Suppose $\mathcal V\subset \mathbb{R}^n$ is a subspace and $\vec{x}\in\mathbb{R}^n$. I want to show there is a unique way to write $\vec{x}$ as a sum of two vectors $\vec{x}=\vec{x}^{\parallel}+\vec{x}^{\perp},$ the first of which lies in $\mathcal{V}$ and the second of which is orthogonal to every member of $\mathcal{V}.$
This is a simple problem but I'm just wondering if a step in the proof in my book is wrong.
The proof begins by letting $Y=\{\vec{y}_1...,\vec{y}_k\}$ be an orthonormal basis for any $k$-dimensional subspace $\mathcal V$ of $\mathbb{R}^n.$ We then must show that there exists a unique choice of scalars $a_1, ... , a_k\in\mathbb{R}$ such that if we define $\vec{x}^{\parallel}=a_1\vec{y}_1+...+a_k\vec{y}_k$ and $\vec{x}^{\perp}=\vec{x}-\vec{x}^{\parallel}$ then $\vec{x}^{\perp}$ is orthogonal to every vector in $\mathcal{V}.$ However, the next step of logic is what I don't understand.
Because the inner product is bilinear, that is the same as saying that $\vec{x}^{\perp}$ is orthogonal to every element of the basis $Y$ of $\mathcal{V}$.
To me, it seems that if $\vec{x}^{\perp}$ is orthogonal to every element of $\mathcal{V}$, then certainly it's orthogonal to the basis elements $Y$ since they are elements of $\mathcal{V}$. However, the book appeals to bilinearity. The only way I could see that being relevant if is we let $\vec{v}$ be an arbitrary element of $\mathcal{V}$ so that $\vec{v}=c_1\vec{y}_1+...c_k\vec{y}_k$ for some $c_1, ..., c_k\in\mathbb{R}$; then $$\langle\vec{x}^{\perp},\vec{v}\rangle=0\iff\langle\vec{x}^{\perp},c_1\vec{y}_1+...+c_k\vec{y}_k\rangle=c_1\langle\vec{x}^{\perp},\vec{y}_1\rangle+...+c_k\langle\vec{x}^{\perp},y_k\rangle=0$$ but the latter does not imply $\langle \vec{x}^{\perp}, \vec{y}_i\rangle=0$ for each $i$ up to $k$ as far as I can see.
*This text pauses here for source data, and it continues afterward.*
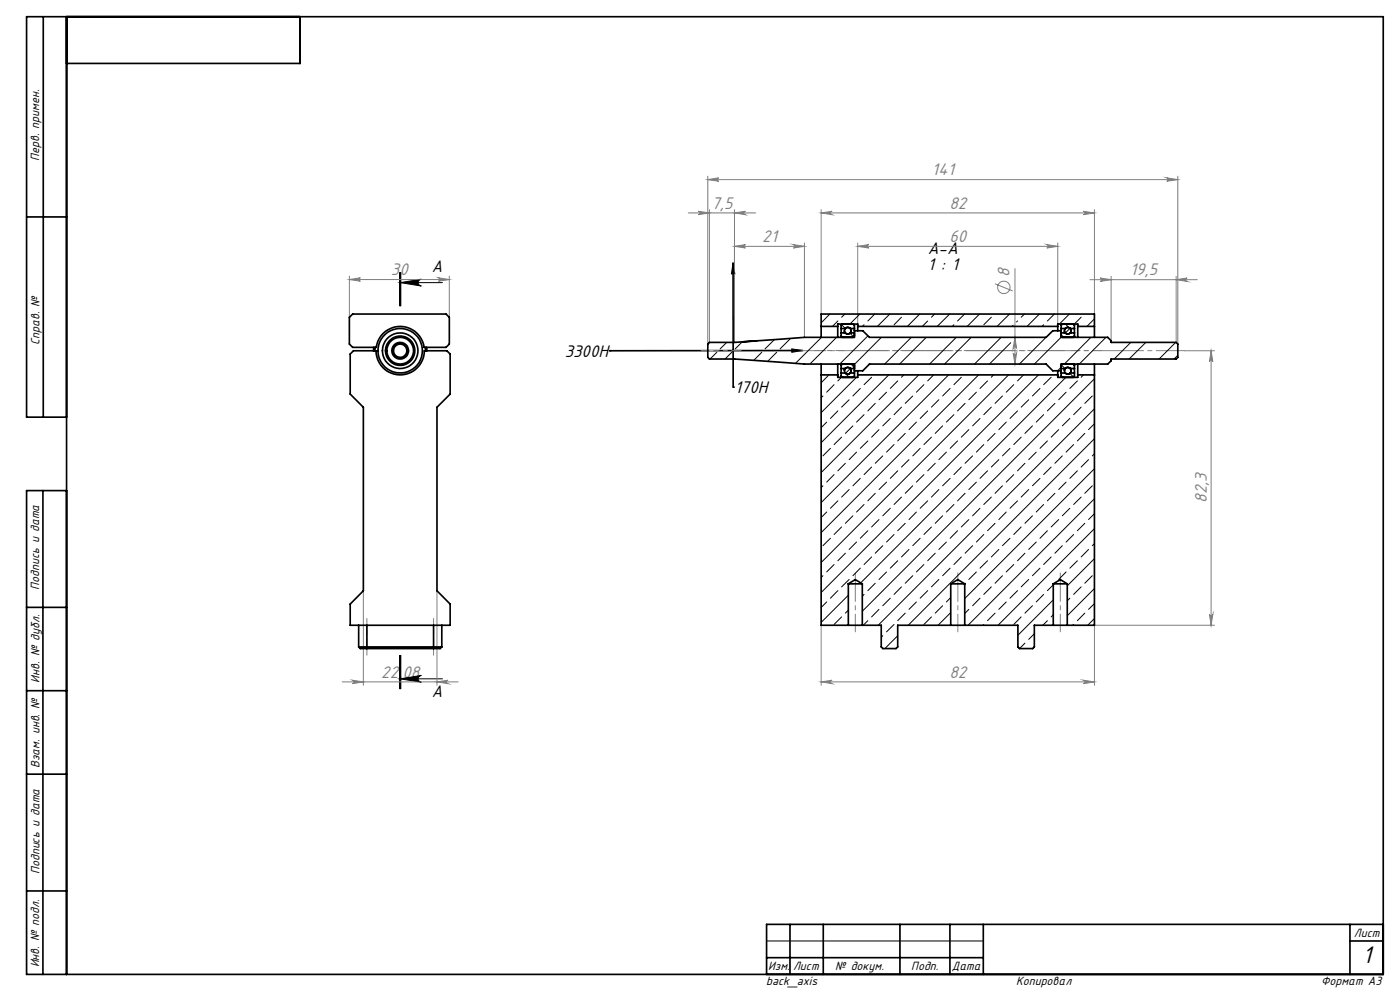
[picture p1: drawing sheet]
<svg xmlns="http://www.w3.org/2000/svg" width="420mm" height="297mm" viewBox="0 0 420 297" stroke-linecap="round" stroke-linejoin="round" font-family="sans-serif">
<g fill="none" stroke="#808080" stroke-width=".3">
<path d="M212.3 53.8l3.3-.5a.51 .51 0 0 0-.4 .5 .51 .51 0 0 0 .4 .5zM212.3 52.8v50.3M212.3 53.8h141M350 53.3l3.3 .5-3.3 .5a.51 .51 0 0 0 .5-.5 .51 .51 0 0 0-.5-.5zM353.3 52.8v50.3M206.5 63.8h20.2M209.5 63.3l3.3 .5-3.3 .5a.51 .51 0 0 0 .5-.5 .51 .51 0 0 0-.5-.5zM212.8 62.8v39.8M220.3 62.8v39.8M220.3 73.8l3.3-.5a.51 .51 0 0 0-.4 .5 .51 .51 0 0 0 .4 .5zM220.3 73.8h21M220.3 63.8l3.3-.5a.51 .51 0 0 0-.4 .5 .51 .51 0 0 0 .4 .5z"/>
<path d="M238 73.3l3.3 .5-3.3 .5a.51 .51 0 0 0 .5-.5 .51 .51 0 0 0-.5-.5zM241.3 72.8v28.3M246.3 63.8l3.3-.5a.51 .51 0 0 0-.4 .5 .51 .51 0 0 0 .4 .5zM246.3 62.8v31.3M246.3 63.8h82M257.3 73.8l3.3-.5a.51 .51 0 0 0-.4 .5 .51 .51 0 0 0 .4 .5zM257.3 72.8v24.3M257.3 73.8h60M314 73.3l3.3 .5-3.3 .5a.51 .51 0 0 0 .5-.5 .51 .51 0 0 0-.5-.5zM317.3 72.8v24.3M325 63.3l3.3 .5-3.3 .5a.51 .51 0 0 0 .5-.5 .51 .51 0 0 0-.5-.5zM328.3 62.8v31.3"/>
<path d="M104.8 83.8l3.3-.5a.51 .51 0 0 0-.5 .5 .51 .51 0 0 0 .5 .5zM104.8 82.8v12.3M104.8 83.8h30M131.5 83.3l3.3 .5-3.3 .5a.51 .51 0 0 0 .5-.5 .51 .51 0 0 0-.5-.5zM134.8 82.8v12.3M298.5 85.1l5.3 2.1M304.5 80.5v28.6M327 83.8h32.2M330 83.3l3.3 .5-3.3 .5a.51 .51 0 0 0 .5-.5 .51 .51 0 0 0-.5-.5zM333.3 82.8v19.3M352.8 83.8l3.3-.5a.51 .51 0 0 0-.4 .5 .51 .51 0 0 0 .4 .5zM352.8 82.8v19.8"/>
<path d="M304 105.8a.51 .51 0 0 0 .5 .5 .51 .51 0 0 0 .5-.5l-.5 3.3zM304.5 101.1l.5 3.3a.51 .51 0 0 0-.5-.5 .51 .51 0 0 0-.5 .5zM355.3 105.1h9M363.3 105.1v82.3M363.3 105.1l.6 3.3a.51 .51 0 0 0-.6-.5 .51 .51 0 0 0-.5 .5zM109 177.1v28.3M131.1 177.1v28.3M246.3 187.4v18M362.8 184.1a.51 .51 0 0 0 .5 .4 .51 .51 0 0 0 .6-.4l-.6 3.3zM364.3 187.4h-36v18M102.7 204.4h34.7M105.7 203.9l3.3 .5-3.3 .5a.51 .51 0 0 0 .5-.5 .51 .51 0 0 0-.5-.5z"/>
<path d="M131.1 204.4l3.3-.5a.51 .51 0 0 0-.5 .5 .51 .51 0 0 0 .5 .5zM246.3 204.4l3.3-.5a.51 .51 0 0 0-.4 .5 .51 .51 0 0 0 .4 .5zM246.3 204.4h82M325 203.9l3.3 .5-3.3 .5a.51 .51 0 0 0 .5-.5 .51 .51 0 0 0-.5-.5z"/>
<circle cx="301.1" cy="86.1" r="1.86"/>
</g>
<g fill="none" stroke="#000" stroke-width=".3">
<path d="M219.9 78.8l.6 3.3h-1.1zM119.9 81.7v10M120.1 84.7h12.7M120.1 84.7l6.3-1a1.02 1.02 0 0 0-1 1 1.02 1.02 0 0 0 1 1zM120.1 81.7v10M120.3 81.7v10M237.5 104.6l3.3 .5-3.3 .5zM119.9 196.4v10M120.1 196.4v10M120.3 196.4v10zM120.1 203.4h12.7M120.1 203.4l6.3-1a1.02 1.02 0 0 0-1 1 1.02 1.02 0 0 0 1 1.1z"/>
<path d="M230 282h65"/>
</g>
<g fill="#000">
<path d="M120.1 84.7l6.3-1a1.02 1.02 0 0 0-1 1 1.02 1.02 0 0 0 1 1zM120.1 203.4l6.3-1a1.02 1.02 0 0 0-1 1 1.02 1.02 0 0 0 1 1.1z"/>
<path d="M182.7 105.1a.25 .25 0 0 1 .5 0 .25 .25 0 0 1-.5 0zM219.7 116a.25 .25 0 0 1 .5 0 .25 .25 0 0 1-.5 0z"/>
<path d="M237.5 104.6l3.3 .5-3.3 .5zM219.9 78.8l.6 3.3h-1.1z"/>
</g>
<g fill="none" stroke="#000" stroke-width=".5">
<path d="M13 5v120M20 5v287M90 5v14h-70M8 65h12M219.9 78.8l.1 37.2M240.8 105.1h-57.9M20 125h-12v-120h407v287h-407v-145h12M12.9 147v145M8 182h12M8 207h12M8 232h12M8 267h12"/>
<path d="M237 277v15M247 277v15M270 277v15M285 277v15M295 277v15M405 277v15M415 277h-185v15M230 287h65M405 282h10"/>
</g>
<path d="M110.1 193.9v-8.5M130.1 193.9v-8.5" fill="none" stroke="#808080" stroke-width=".3" stroke-dasharray="15.2 1.3 1.3 1.3" stroke-dashoffset="12.9"/>
<path d="M212.8 105.1h-2.5M256.6 175v-3.3M287.3 175v-3.3M318.1 175v-3.3M110.1 193.9v2.5M130.1 193.9v2.5" fill="none" stroke="#808080" stroke-width=".3" stroke-dasharray="15.2 1.3 1.3 1.3"/>
<path d="M256.6 175v14.4M287.3 175v14.4M318.1 175v14.4" fill="none" stroke="#808080" stroke-width=".3" stroke-dasharray="15.2 1.3 1.3 1.3" stroke-dashoffset="9.9"/>
<path d="M239.3 105.1h116" fill="none" stroke="#808080" stroke-width=".3" stroke-dasharray="15.2 1.3 1.3 1.3" stroke-dashoffset="6.8"/>
<path d="M212.8 105.1h9.5" fill="none" stroke="#808080" stroke-width=".3" stroke-dasharray="15.2 1.3 1.3 1.3" stroke-dashoffset="12.4"/>
<path d="M244.3 105.1h9M321.3 105.1h9" fill="none" stroke="#808080" stroke-width=".3" stroke-dasharray="15.2 1.3 1.3 1.3" stroke-dashoffset="12.6"/>
<path d="M255.3 105.1h64" fill="none" stroke="#808080" stroke-width=".3" stroke-dasharray="15.2 1.3 1.3 1.3" stroke-dashoffset="4.2"/>
<path d="M212.8 105.1h1.1" fill="none" stroke="#c0c0c0" stroke-width=".3"/>
<g fill="#808080">
<path d="M325 63.3l3.3 .5-3.3 .5a.51 .51 0 0 0 .5-.5 .51 .51 0 0 0-.5-.5zM246.3 63.8l3.3-.5a.51 .51 0 0 0-.4 .5 .51 .51 0 0 0 .4 .5zM325 203.9l3.3 .5-3.3 .5a.51 .51 0 0 0 .5-.5 .51 .51 0 0 0-.5-.5zM246.3 204.4l3.3-.5a.51 .51 0 0 0-.4 .5 .51 .51 0 0 0 .4 .5z"/>
<path d="M104.8 83.8l3.3-.5a.51 .51 0 0 0-.5 .5 .51 .51 0 0 0 .5 .5zM131.5 83.3l3.3 .5-3.3 .5a.51 .51 0 0 0 .5-.5 .51 .51 0 0 0-.5-.5zM105.7 203.9l3.3 .5-3.3 .5a.51 .51 0 0 0 .5-.5 .51 .51 0 0 0-.5-.5zM131.1 204.4l3.3-.5a.51 .51 0 0 0-.5 .5 .51 .51 0 0 0 .5 .5zM257.3 73.8l3.3-.5a.51 .51 0 0 0-.4 .5 .51 .51 0 0 0 .4 .5zM314 73.3l3.3 .5-3.3 .5a.51 .51 0 0 0 .5-.5 .51 .51 0 0 0-.5-.5zM212.3 53.8l3.3-.5a.51 .51 0 0 0-.4 .5 .51 .51 0 0 0 .4 .5zM350 53.3l3.3 .5-3.3 .5a.51 .51 0 0 0 .5-.5 .51 .51 0 0 0-.5-.5zM220.3 73.8l3.3-.5a.51 .51 0 0 0-.4 .5 .51 .51 0 0 0 .4 .5zM238 73.3l3.3 .5-3.3 .5a.51 .51 0 0 0 .5-.5 .51 .51 0 0 0-.5-.5z"/>
<path d="M352.8 83.8l3.3-.5a.51 .51 0 0 0-.4 .5 .51 .51 0 0 0 .4 .5zM330 83.3l3.3 .5-3.3 .5a.51 .51 0 0 0 .5-.5 .51 .51 0 0 0-.5-.5z"/>
<path d="M220.3 63.8l3.3-.5a.51 .51 0 0 0-.4 .5 .51 .51 0 0 0 .4 .5zM209.5 63.3l3.3 .5-3.3 .5a.51 .51 0 0 0 .5-.5 .51 .51 0 0 0-.5-.5z"/>
<path d="M304.5 101.1l.5 3.3a.51 .51 0 0 0-.5-.5 .51 .51 0 0 0-.5 .5zM304 105.8a.51 .51 0 0 0 .5 .5 .51 .51 0 0 0 .5-.5l-.5 3.3zM363.3 105.1l.6 3.3a.51 .51 0 0 0-.6-.5 .51 .51 0 0 0-.5 .5zM362.8 184.1a.51 .51 0 0 0 .5 .4 .51 .51 0 0 0 .6-.4l-.6 3.3z"/>
</g>
<g fill="none" stroke="#000" stroke-width=".5">
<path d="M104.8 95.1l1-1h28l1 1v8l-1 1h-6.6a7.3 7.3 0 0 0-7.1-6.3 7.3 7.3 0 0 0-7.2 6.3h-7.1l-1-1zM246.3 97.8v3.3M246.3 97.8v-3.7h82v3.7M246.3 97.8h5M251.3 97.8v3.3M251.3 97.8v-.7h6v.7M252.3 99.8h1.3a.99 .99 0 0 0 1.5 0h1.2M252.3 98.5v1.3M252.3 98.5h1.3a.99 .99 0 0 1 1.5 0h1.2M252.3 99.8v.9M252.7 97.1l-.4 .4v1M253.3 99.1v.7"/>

So what did the author mean by appealing to bilinearity?
To be clear, this is in Chapter 1 Section 2 of Kristopher Tapp's Differential Geometry of Curves and Surfaces textbook.
Let us write $x \perp y$ for $\langle x, y \rangle = 0$. The important equivalence here is: $$u \perp \mathcal{V} \iff u \perp y_i \text{ for each } i = 1, \dots, k,$$ where the left side means that $u$ is perpendicular to every element of $\mathcal{V}$. Now since each $y_i \in \mathcal{V}$, the $\implies$ direction does not require anything specific about the definition of orthogonality. But you need bilinearity to go the other way (to be pedantic, only the linearity in the second variable): expand an arbitrary $v \in \mathcal{V}$ as $\sum c_i y_i$ and write $$\langle u, v \rangle = \sum c_i \langle u, y_i \rangle = 0.$$ As you note, if you know that $u \perp v$ for a specific $v$, ie a specific choice of $c_1, \dots, c_k$, that does not imply that $u \perp y_i$ for each $i$.
But the above equivalence means that to check a tentative decomposition $x = x^\parallel + x^\perp$ has the required properties, it suffices to check that $x^\perp \perp y_i$ for the basis elements $y_i$ (and $x^\parallel \in \mathcal{V}$, which is equivalen to saying that $x^\parallel$ is of the form $\sum a_i y_i$). Since $y_i$ are chosen to be orthonormal, you can now check that $a_i = \langle x, y_i \rangle$ is the unique choice of $a_i$ that makes this work, which therefore gives the unique such decomposition of $x$.